--- RECORDS SHOWN ---
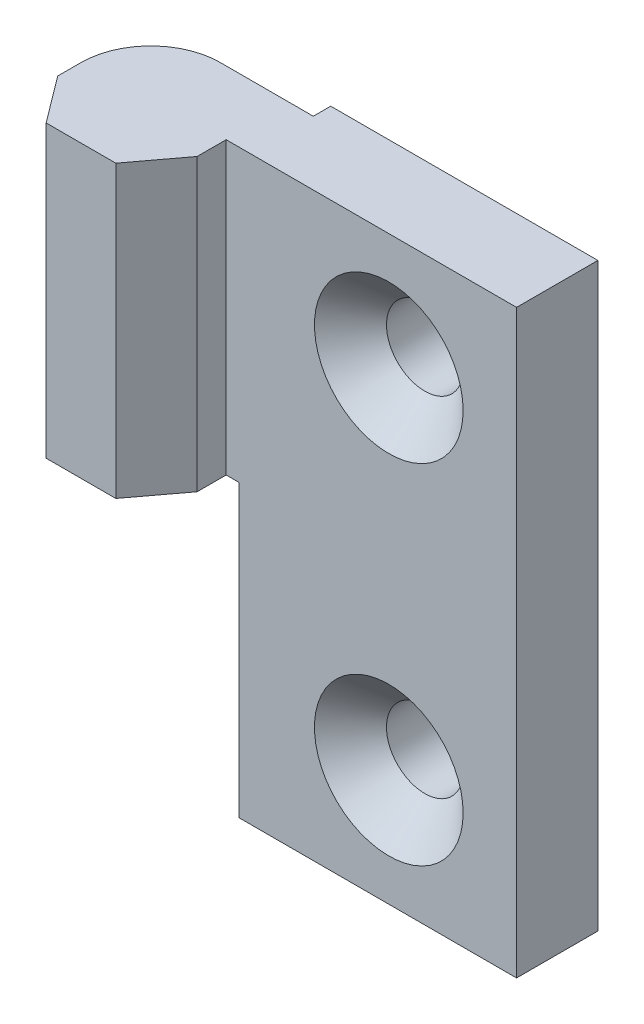
from build123d import *

# Parameters (mm, degrees)
EXTRUDE_1_DEPTH           = 50
FILLET_1_R                = 6
HOLE_WIZARD_1_D           = 6.6
HOLE_WIZARD_1_CSINK_D     = 12.8
HOLE_WIZARD_1_CSINK_ANGLE = 90


with BuildPart() as part:
    # 草图1 → 凸台-拉伸1 (new body)
    with BuildSketch(Plane(origin=(0, 0, 0), x_dir=(1, 0, 0), z_dir=(0, 1, 0))):
        Polygon((0, 0), (-25, 0), (-25, -2.5), (-28, -6.5), (-34, -6.5), (-37, -2.5), (-37, 5.5), (-23, 5.5), (-23, 7), (0, 7), align=None)
    extrude(amount=EXTRUDE_1_DEPTH)

    # 圆角1
    fillet_1_edges = [part.edges().sort_by_distance(p)[0] for p in [
        (-37, 25, -5.5),
    ]]
    fillet(fillet_1_edges, radius=FILLET_1_R)

    # 打孔尺寸根据内六角花形半沉头螺钉的类型1 (through all)
    with Locations(Plane.XY):
        with Locations((-11, 40), (-11, 10)):
            CounterSinkHole(HOLE_WIZARD_1_D / 2, HOLE_WIZARD_1_CSINK_D / 2, counter_sink_angle=HOLE_WIZARD_1_CSINK_ANGLE)

    # 草图2 → 切除-放样1 section 0
    with BuildSketch(Plane.XY.offset(6.5)):
        with BuildLine():
            Line((-37, 0), (-25, 0))
            Line((-25, 0), (-25, 25))
            Line((-25, 25), (-37, 25))
            Line((-37, 25), (-37, 0))
        make_face()
    # 草图5 → 切除-放样1 section 1
    with BuildSketch(Plane(origin=(0, 0, -5.5), x_dir=(-1, 0, 0), z_dir=(0, 0, -1))):
        with BuildLine():
            Line((37, 25), (23, 25))
            Line((23, 25), (23, 0))
            Line((23, 0), (37, 0))
            Line((37, 0), (37, 25))
        make_face()
    loft(mode=Mode.SUBTRACT)


solid = part.part
---
» TASK TO CARRY OUT: Each line above with the word "origin" needs to be copied.

» EXERCISE RESPONSE:
    with BuildSketch(Plane(origin=(0, 0, 0), x_dir=(1, 0, 0), z_dir=(0, 1, 0))):
    with BuildSketch(Plane(origin=(0, 0, -5.5), x_dir=(-1, 0, 0), z_dir=(0, 0, -1))):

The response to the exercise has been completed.